DriaJS client is a library & CLI that integrates Dria to your application, providing a convenient interface to harness the capabilities of Dria's vector search and retrieval services.

  • [x] Create & manage your knowledge bases on Dria.
  • [x] Make vector based queries, text based searches or fetch vectors by their IDs.
  • [x] Insert vectors & texts to your existing knowledge.
  • [x] Integrated into LangChainJS.

Installation

Install Dria from NPM:

npm  install dria
yarn add dria
pnpm add dria
bun  add dria

Usage

To begin, import Dria to your code:

import Dria from "dria";

Queries

With Dria, you can connect to an existing knowledge uploaded to Dria by providing its contract ID. You can then ask questions to this knowledge, make vector based queries, or directly fetch embeddings with their IDs.

const dria = new Dria({ apiKey, contractId });

// a text-based search
const searchRes = await dria.search("What is the capital of France?");

// a vector-based query
const queryRes = await dria.query([0.1, 0.2, 0.3]);

// fetch data for specific ids
const queryRes = await dria.fetch([0, 1, 2]);

[!TIP]

You can omit the apiKey, in which case Dria will look for it at DRIA_API_KEY environment variable.

Inserting Data

You can insert new data to your existing knowledge, either as batch of texts with metadata or vectors with metadata.

const dria = new Dria({ apiKey, contractId });

// insert raw text, which will be converted to vector embeddings
// with respect to the model used by this contract
const insertTextRes = await dria.insertTexts([
  { text: "I am a text.", metadata: { fromReadme: true } },
  { text: "I am another text.", metadata: { fromReadme: true } },
]);

// or, compute embeddings on your own and insert the vectors
const insertTextRes = await dria.insertTexts([
  { vector: [0.1, 0.2, 0.3], metadata: { fromReadme: true } },
  { vector: [0.3, 0.2, 0.1], metadata: { fromReadme: true } },
]);

Creating a Knowledge

A new knowledge can be created with Dria client as well. In this example, we omit the contractId that was provided to the constructor, since we don't have a contract yet. After deploying a contract, we will set that field manually and we will then be able to call all functions described above so far!

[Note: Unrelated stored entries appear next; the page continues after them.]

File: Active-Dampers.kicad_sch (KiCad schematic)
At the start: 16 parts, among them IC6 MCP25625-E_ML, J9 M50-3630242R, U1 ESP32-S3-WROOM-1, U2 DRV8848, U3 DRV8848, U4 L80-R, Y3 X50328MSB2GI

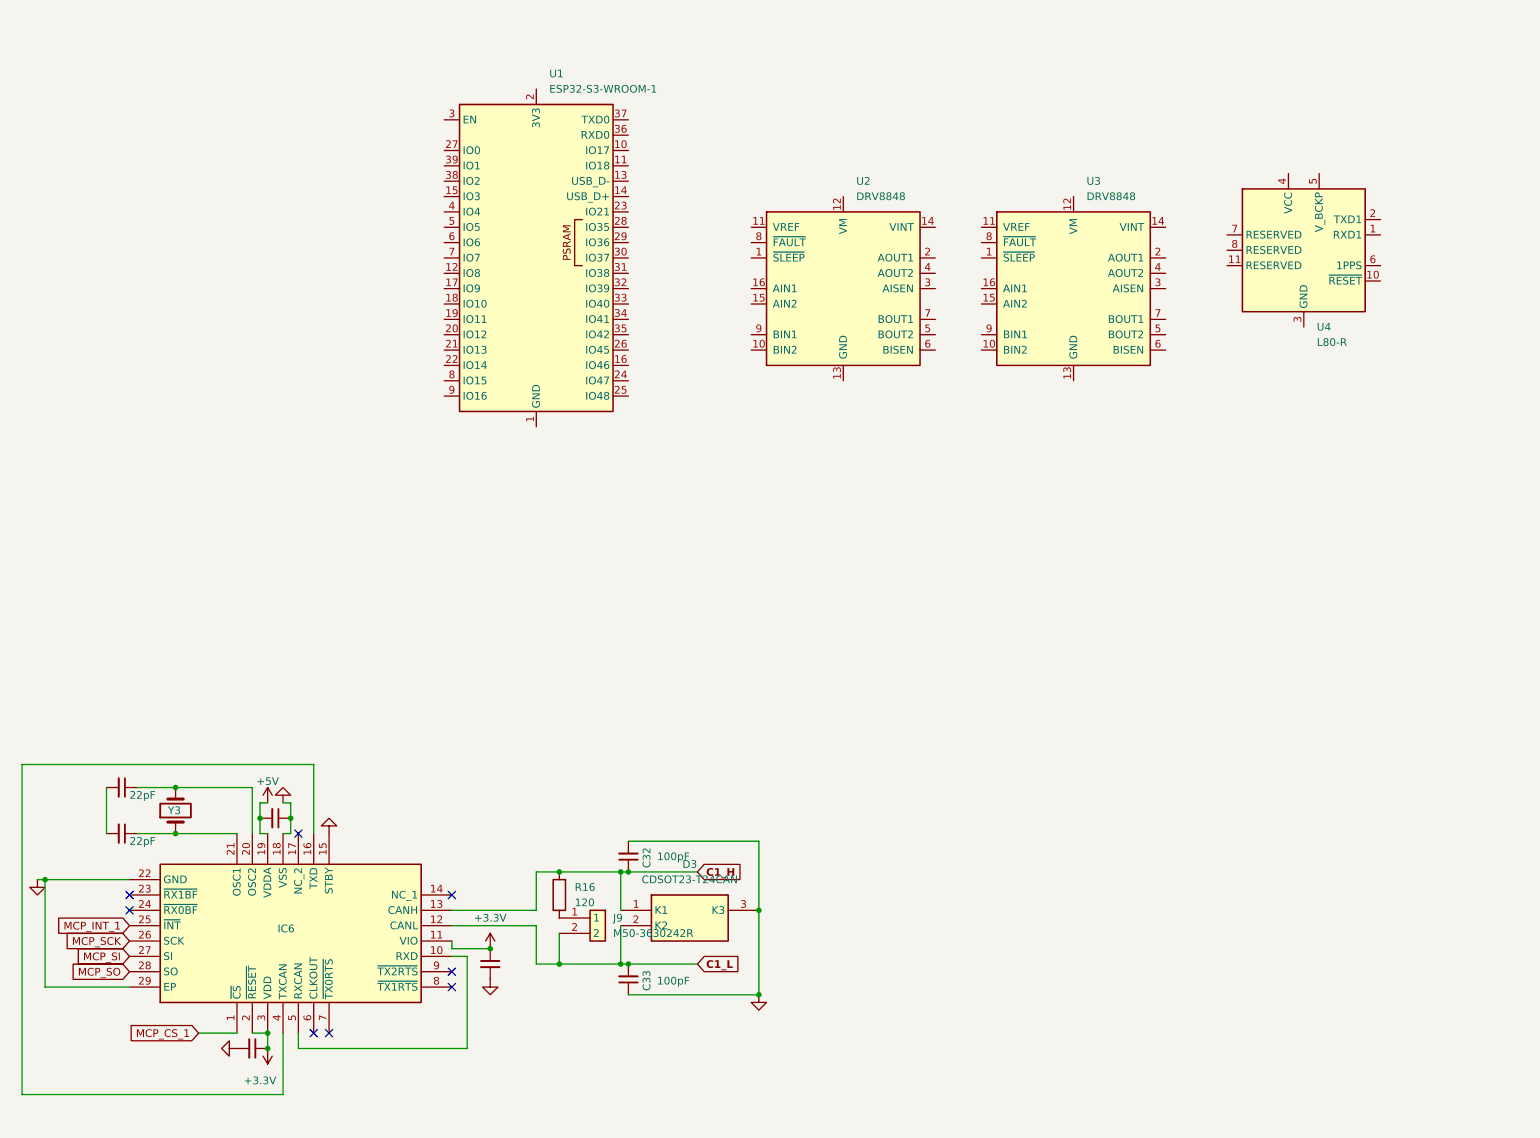
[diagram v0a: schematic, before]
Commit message: redo design to esp32
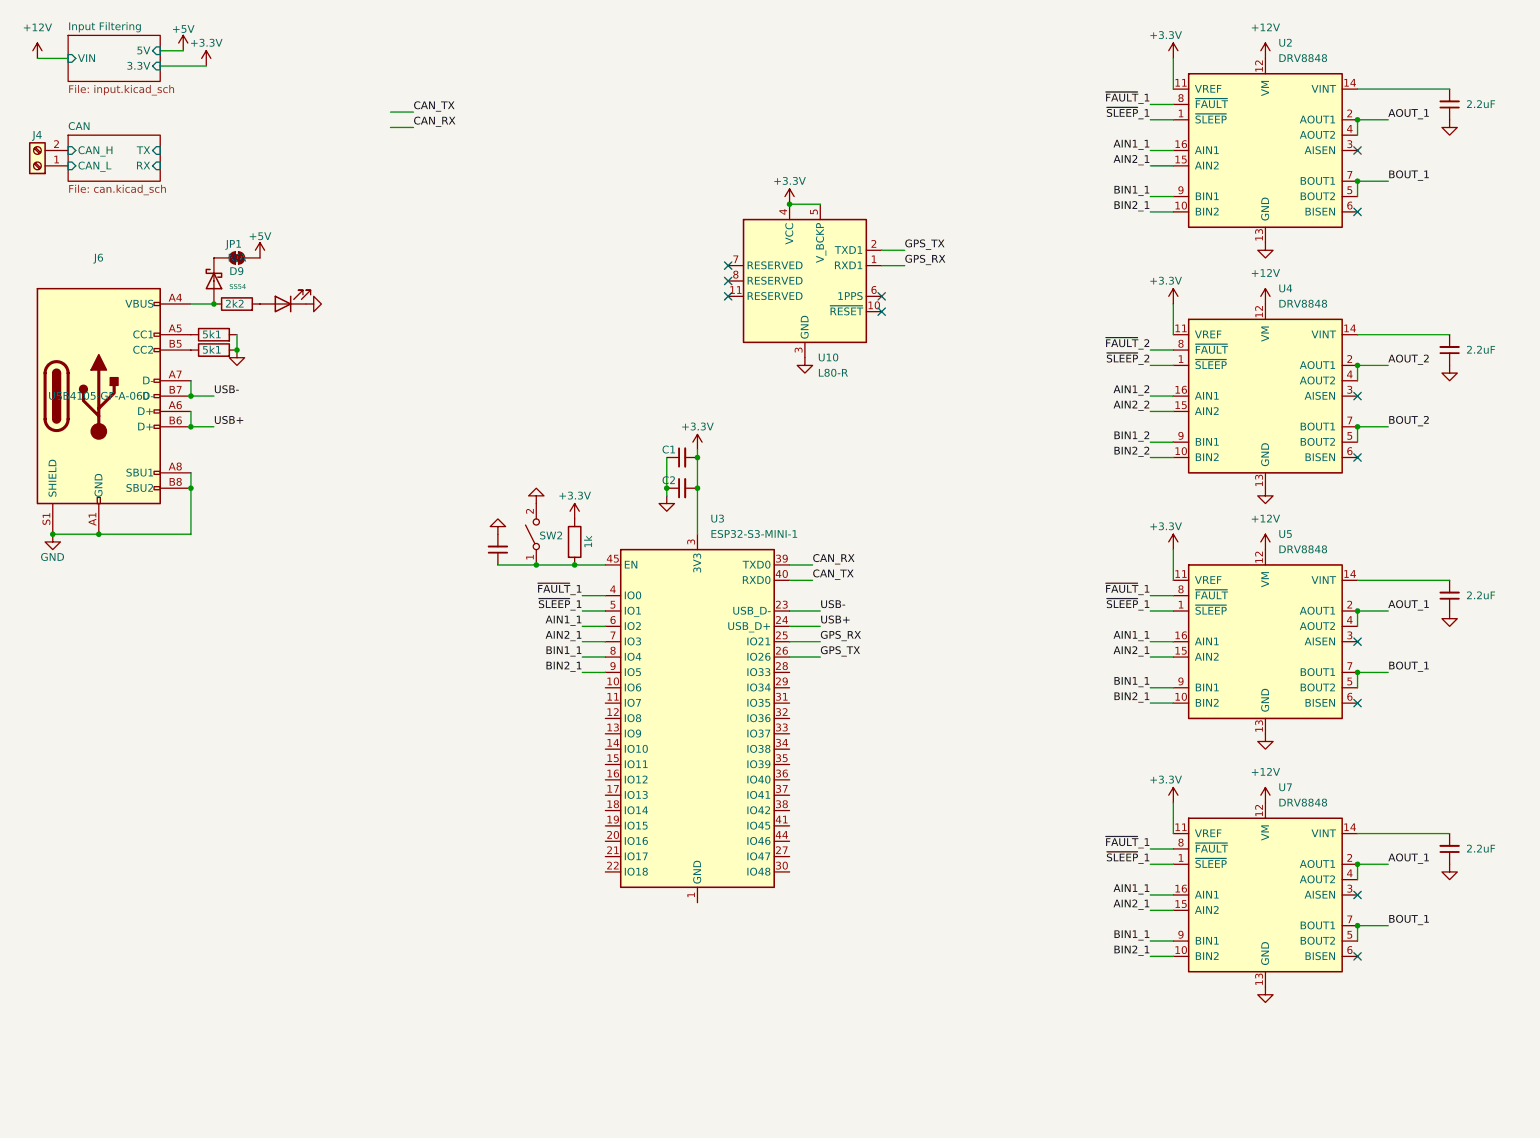
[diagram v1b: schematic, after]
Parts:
- removed C32, C33: 100pF, PCM_Capacitor_SMD_AKL:C_0402_1005Metric, symbol Device:C_Small
- removed C36, C37: 22pF, PCM_Capacitor_SMD_AKL:C_0402_1005Metric, symbol Device:C_Small
- removed C38, C39, C40: 0.1uF, PCM_Capacitor_SMD_AKL:C_0402_1005Metric, symbol Device:C_Small
- removed D3: CDSOT23-T24CAN, SamacSys_Parts:SOT95P230X117-3N, symbol SamacSys_Parts:CDSOT23-T24CAN
- removed IC6: MCP25625-E_ML, SamacSys_Parts:QFN65P600X600X100-29N-D, symbol SamacSys_Parts:MCP25625-E_ML
- removed J9: M50-3630242R, SamacSys_Parts:M503630242R, symbol SamacSys_Parts:M50-3630242R
- removed R16: 120, PCM_Resistor_SMD_AKL:R_0402_1005Metric, symbol Device:R
- removed U1: ESP32-S3-WROOM-1, RF_Module:ESP32-S3-WROOM-1, symbol RF_Module:ESP32-S3-WROOM-1
- removed U3: DRV8848, Package_SO:TSSOP-16-1EP_4.4x5mm_P0.65mm, symbol Driver_Motor:DRV8848
- removed U4: L80-R, RF_GPS:Quectel_L80-R, symbol RF_GPS:L80-R
- removed Y3: X50328MSB2GI, Crystal:Crystal_SMD_5032-2Pin_5.0x3.2mm, symbol Device:Crystal
- added C1: 1uF, PCM_Capacitor_SMD_AKL:C_0402_1005Metric, symbol Device:C_Small
- added C2, C22: 10uF, PCM_Capacitor_SMD_AKL:C_0402_1005Metric, symbol Device:C_Small
- added C20, C21, C23, C24: 2.2uF, PCM_Capacitor_SMD_AKL:C_0402_1005Metric, symbol Device:C_Small
- added D8: LED BLUE, PCM_LED_SMD_AKL:LED_0402_1005Metric, symbol Device:LED
- added D9: SS54, PCM_JLCPCB:D_SMA, symbol PCM_JLCPCB-Diodes:Schottky,SS54
- added J4: Conn_01x02, TerminalBlock_Phoenix:TerminalBlock_Phoenix_MPT-0,5-2-2.54_1x02_P2.54mm_Horizontal, symbol Connector:Screw_Terminal_01x02
- added J6: USB_C_Receptacle_USB2.0_16P, Connector_USB:USB_C_Receptacle_HRO_TYPE-C-31-M-12, symbol Connector:USB_C_Receptacle_USB2.0_16P
- added JP1: SolderJumper_2_Bridged, Jumper:SolderJumper-2_P1.3mm_Bridged_Pad1.0x1.5mm, symbol Jumper:SolderJumper_2_Bridged
- added R23: 1k, PCM_Resistor_SMD_AKL:R_0402_1005Metric, symbol Device:R
- added R6, R7: 5k1, PCM_Resistor_SMD_AKL:R_0402_1005Metric, symbol Device:R
- added R8: 2k2, PCM_Resistor_SMD_AKL:R_0402_1005Metric, symbol Device:R
- added SW2: SW_SPST, Button_Switch_SMD:SW_SPST_TS-1088-xR025, symbol Switch:SW_SPST
- added U10: L80-R, RF_GPS:Quectel_L80-R, symbol RF_GPS:L80-R
- added U3: ESP32-S3-MINI-1, RF_Module:ESP32-S2-MINI-1, symbol RF_Module:ESP32-S3-MINI-1
- added U4, U5, U7: DRV8848, Package_SO:TSSOP-16-1EP_4.4x5mm_P0.65mm, symbol Driver_Motor:DRV8848
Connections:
- net +3.3V: now also U2.11 (VREF), C1.2, C2.2, R23.1, U10.4 (VCC), U10.5 (V_BCKP), U3.3 (3V3), U4.11 (VREF), U5.11 (VREF), U7.11 (VREF)
- net +5V: now also JP1.2 (B)
- net GND: now also U2.13 (GND), U2.17 (GND), C1.1, C2.1, C20.1, C21.1, C22.2, C23.1, C24.1, D8.1 (K), J6.A1 (GND), J6.A12 (GND), J6.A8 (SBU1), J6.B1 (GND), J6.B12 (GND), J6.B8 (SBU2), J6.S1 (SHIELD), R6.2, R7.2, SW2.2 (B), U10.12 (GND), U10.3 (GND), U4.13 (GND), U4.17 (GND), U5.13 (GND), U5.17 (GND), U7.13 (GND), U7.17 (GND)
- net ~{SLEEP}_1: now reaches U2.1 (~{SLEEP})
- net ~{SLEEP}_1: now also U3.5 (IO1), U5.1 (~{SLEEP}), U7.1 (~{SLEEP})
- net BIN2_1: now reaches U2.10 (BIN2)
- net BIN2_1: now also U3.9 (IO5), U5.10 (BIN2), U7.10 (BIN2)
- net +12V: now reaches U2.12 (VM)
- net +12V: now also U4.12 (VM), U5.12 (VM), U7.12 (VM)
- net at U2.14 (VINT): now also C20.2
- net AIN2_1: now reaches U2.15 (AIN2)
- net AIN2_1: now also U3.7 (IO3), U5.15 (AIN2), U7.15 (AIN2)
- net AIN1_1: now reaches U2.16 (AIN1)
- net AIN1_1: now also U3.6 (IO2), U5.16 (AIN1), U7.16 (AIN1)
- net AOUT_1: now reaches U2.2 (AOUT1)
- net AOUT_1: now also U2.4 (AOUT2), U5.2 (AOUT1), U5.4 (AOUT2), U7.2 (AOUT1), U7.4 (AOUT2)
- net BOUT_1: now reaches U2.5 (BOUT2)
- net BOUT_1: now also U2.7 (BOUT1), U5.5 (BOUT2), U5.7 (BOUT1), U7.5 (BOUT2), U7.7 (BOUT1)
- net ~{FAULT}_1: now reaches U2.8 (~{FAULT})
- net ~{FAULT}_1: now also U3.4 (IO0), U5.8 (~{FAULT}), U7.8 (~{FAULT})
- net BIN1_1: now reaches U2.9 (BIN1)
- net BIN1_1: now also U3.8 (IO4), U5.9 (BIN1), U7.9 (BIN1)
- new net: C22.1, R23.2, SW2.1 (A), U3.45 (EN)
- new net: D9.2, J6.A4 (VBUS), J6.A9 (VBUS), J6.B4 (VBUS), J6.B9 (VBUS), R8.1
- new net: J6.A5 (CC1), R6.1
- new net: J6.B5 (CC2), R7.1
- new net: C23.2, U5.14 (VINT)
- new net: D9.1, JP1.1 (A)
- new net: D8.2 (A), R8.2
- new net: U3.1 (GND), U3.2 (GND), U3.42 (GND), U3.43 (GND), U3.46 (GND), U3.47 (GND), U3.48 (GND), U3.49 (GND), U3.50 (GND), U3.51 (GND), U3.52 (GND), U3.53 (GND), U3.54 (GND), U3.55 (GND), U3.56 (GND), U3.57 (GND), U3.58 (GND), U3.59 (GND), U3.60 (GND), U3.61 (GND), U3.62 (GND), U3.63 (GND), U3.64 (GND), U3.65 (GND)
- new net: C21.2, U4.14 (VINT)
- new net: C24.2, U7.14 (VINT)
- new net AIN1_2: U4.16 (AIN1)
- new net AIN2_2: U4.15 (AIN2)
- new net AOUT_2: U4.2 (AOUT1), U4.4 (AOUT2)
- new net BIN1_2: U4.9 (BIN1)
- new net BIN2_2: U4.10 (BIN2)
- new net BOUT_2: U4.5 (BOUT2), U4.7 (BOUT1)
- new net CAN/CAN_H: J4.2 (Pin_2)
- new net CAN/CAN_L: J4.1 (Pin_1)
- new net CAN_RX: U3.39 (TXD0)
- new net CAN_TX: U3.40 (RXD0)
- new net GPS_RX: U10.1 (RXD1), U3.25 (IO21)
- new net GPS_TX: U10.2 (TXD1), U3.26 (IO26)
- new net USB+: J6.A6 (D+), J6.B6 (D+), U3.24 (USB_D+)
- new net USB-: J6.A7 (D-), J6.B7 (D-), U3.23 (USB_D-)
- new net ~{FAULT}_2: U4.8 (~{FAULT})
- new net ~{SLEEP}_2: U4.1 (~{SLEEP})
- no-connect marks 8 -> 13
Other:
- added sheet CAN (can.kicad_sch)
- added sheet Input Filtering (input.kicad_sch)
- moved on the sheet: U2

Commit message: begin layout
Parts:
- added H1, H2, H3, H4: MountingHole_M3_3.2mm_Pad, MountingHole:MountingHole_2.2mm_M2_ISO14580_Pad, symbol PCM_SL_Mechanical:MountingHole_M3_3.2mm_Pad
- added J2, J3, J5, J7: Conn_01x04, Connector_JST:JST_XH_B4B-XH-AM_1x04_P2.50mm_Vertical, symbol Connector_Generic:Conn_01x04
- added J8: Barrel_Jack_Switch_Pin3Ring, Connector_BarrelJack:BarrelJack_Horizontal, symbol Connector:Barrel_Jack_Switch_Pin3Ring
- C1, C2, C20, C21, C22, C23, C24: footprint PCM_Capacitor_SMD_AKL:C_0402_1005Metric -> PCM_Capacitor_SMD_AKL:C_0603_1608Metric
- R23, R6, R7, R8: footprint PCM_Resistor_SMD_AKL:R_0402_1005Metric -> PCM_Resistor_SMD_AKL:R_0603_1608Metric
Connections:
- net +12V: now also J8.1
- net AIN1_1: no longer U5.16 (AIN1), U7.16 (AIN1)
- net AIN1_2: now also U3.12 (IO8)
- net AIN2_1: no longer U5.15 (AIN2), U7.15 (AIN2)
- net AIN2_2: now also U3.13 (IO9)
- net BIN1_1: no longer U5.9 (BIN1), U7.9 (BIN1)
- net BIN1_2: now also U3.14 (IO10)
- net BIN2_1: no longer U5.10 (BIN2), U7.10 (BIN2)
- net BIN2_2: now also U3.15 (IO11)
- net GND: now also U3.1 (GND), U3.2 (GND), U3.42 (GND), U3.43 (GND), U3.46 (GND), U3.47 (GND), U3.48 (GND), U3.49 (GND), U3.50 (GND), U3.51 (GND), U3.52 (GND), U3.53 (GND), U3.54 (GND), U3.55 (GND), U3.56 (GND), U3.57 (GND), U3.58 (GND), U3.59 (GND), U3.60 (GND), U3.61 (GND), U3.62 (GND), U3.63 (GND), U3.64 (GND), U3.65 (GND), H1.1, H2.1, H3.1, H4.1, J8.2, J8.3
- net ~{FAULT}_1: no longer U5.8 (~{FAULT}), U7.8 (~{FAULT})
- net ~{FAULT}_2: now also U3.10 (IO6)
- net ~{SLEEP}_1: no longer U5.1 (~{SLEEP}), U7.1 (~{SLEEP})
- net ~{SLEEP}_2: now also U3.11 (IO7)
- net ~{FAULT}_3: now reaches U3.16 (IO12)
- net ~{FAULT}_3: now also U5.8 (~{FAULT})
- net ~{SLEEP}_3: now reaches U3.17 (IO13)
- net ~{SLEEP}_3: now also U5.1 (~{SLEEP})
- net AIN1_3: now reaches U3.18 (IO14)
- net AIN1_3: now also U5.16 (AIN1)
- net AIN2_3: now reaches U3.19 (IO15)
- net AIN2_3: now also U5.15 (AIN2)
- net BIN1_3: now reaches U3.20 (IO16)
- net BIN1_3: now also U5.9 (BIN1)
- net BIN2_3: now reaches U3.21 (IO17)
- net BIN2_3: now also U5.10 (BIN2)
- net BIN1_4: now reaches U3.27 (IO47)
- net BIN1_4: now also U7.9 (BIN1)
- net BIN2_4: now reaches U3.30 (IO48)
- net BIN2_4: now also U7.10 (BIN2)
- net ~{FAULT}_4: now reaches U3.37 (IO41)
- net ~{FAULT}_4: now also U7.8 (~{FAULT})
- net ~{SLEEP}_4: now reaches U3.38 (IO42)
- net ~{SLEEP}_4: now also U7.1 (~{SLEEP})
- net AIN1_4: now reaches U3.41 (IO45)
- net AIN1_4: now also U7.16 (AIN1)
- net AIN2_4: now reaches U3.44 (IO46)
- net AIN2_4: now also U7.15 (AIN2)
- removed net AOUT_1: U2.2 (AOUT1), U2.4 (AOUT2), U5.2 (AOUT1), U5.4 (AOUT2), U7.2 (AOUT1), U7.4 (AOUT2)
- net AOUT_2 renamed AOUT_1_2
- net AOUT_1_2: now also U2.4 (AOUT2), J2.3 (Pin_3), J3.4 (Pin_4); no longer U4.4 (AOUT2)
- removed net BOUT_1: U2.5 (BOUT2), U2.7 (BOUT1), U5.5 (BOUT2), U5.7 (BOUT1), U7.5 (BOUT2), U7.7 (BOUT1)
- net BOUT_2 renamed BOUT_1_2
- net BOUT_1_2: now also U2.5 (BOUT2), J2.1 (Pin_1), J3.2 (Pin_2); no longer U4.5 (BOUT2)
- new net AOUT_1_1: J2.4 (Pin_4), U2.2 (AOUT1)
- new net AOUT_1_3: J5.4 (Pin_4), J7.4 (Pin_4), U5.2 (AOUT1), U7.2 (AOUT1)
- new net AOUT_2_2: J3.3 (Pin_3), U4.4 (AOUT2)
- new net AOUT_2_3: J5.3 (Pin_3), J7.3 (Pin_3), U5.4 (AOUT2), U7.4 (AOUT2)
- new net BOUT_1_1: J2.2 (Pin_2), U2.7 (BOUT1)
- new net BOUT_1_3: J5.2 (Pin_2), J7.2 (Pin_2), U5.7 (BOUT1), U7.7 (BOUT1)
- new net BOUT_2_2: J3.1 (Pin_1), U4.5 (BOUT2)
- new net BOUT_2_3: J5.1 (Pin_1), J7.1 (Pin_1), U5.5 (BOUT2), U7.5 (BOUT2)
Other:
- moved on the sheet: SW2

const dria = new Dria({ apiKey });

contractId = await dria.create(
  "My New Contract,
  "jina-embeddings-v2-base-en",
  "Science",
);
dria.contractId = contractId;

Our client supports a variety of text embedding models by default:

  • OpenAI's Text Embeddings-2 Ada (text-embedding-ada-002)
  • OpenAI's Text Embeddings-3 Small (text-embedding-3-large)
  • OpenAI's Text Embeddings-3 Large (text-embedding-ada-002)
  • Jina's Embeddings V2 Base EN (jina-embeddings-v2-base-en)
  • Jina's Embeddings V2 Small EN (jina-embeddings-v2-small-en)

[!WARNING]

If you provide a different embedding model when creating a contract, you are expected to use those same embeddings models to create vectors from text queries, and call the query method.

Metadata Types

Each knowledge may have a different metadata type, based on the content they were created from. For example, a CSV knowledge will have each column as a separate field in the metadata. You can provide the metadata type as a template parameter so that all methods are type-safe:

type MetadataType = { id: number; foo: string; bar: boolean };
const dria = new Dria<MetadataType>();

// metadata is typed as given above
const res = dria.fetch([0]);

Metadata type can be overridden for each method as well, if the need may be:

const res = dria.fetch<{ page: number; source: string }>([0]);

Examples

You can check out some examples:

  • Simple: Query a knowledge directly.
  • Langchain: Use Dria retriever in an AI agent of LangChain.

Building

You can build the library for NPM via:

bun run build
bun b # alias

We are using Bun's own bundler.

[!NOTE]

The protobuf files are included in the repo, but they can be generated again via:

bun proto

Testing

For the tests, you will need an API key at DRIA_API_KEY environment variable, which you can provide in an .env.test file. You can run tests via:

bun run test
bun t # alias

You can also specify the test titles (as they appear in describe, it or test).

bun t -t "test-name"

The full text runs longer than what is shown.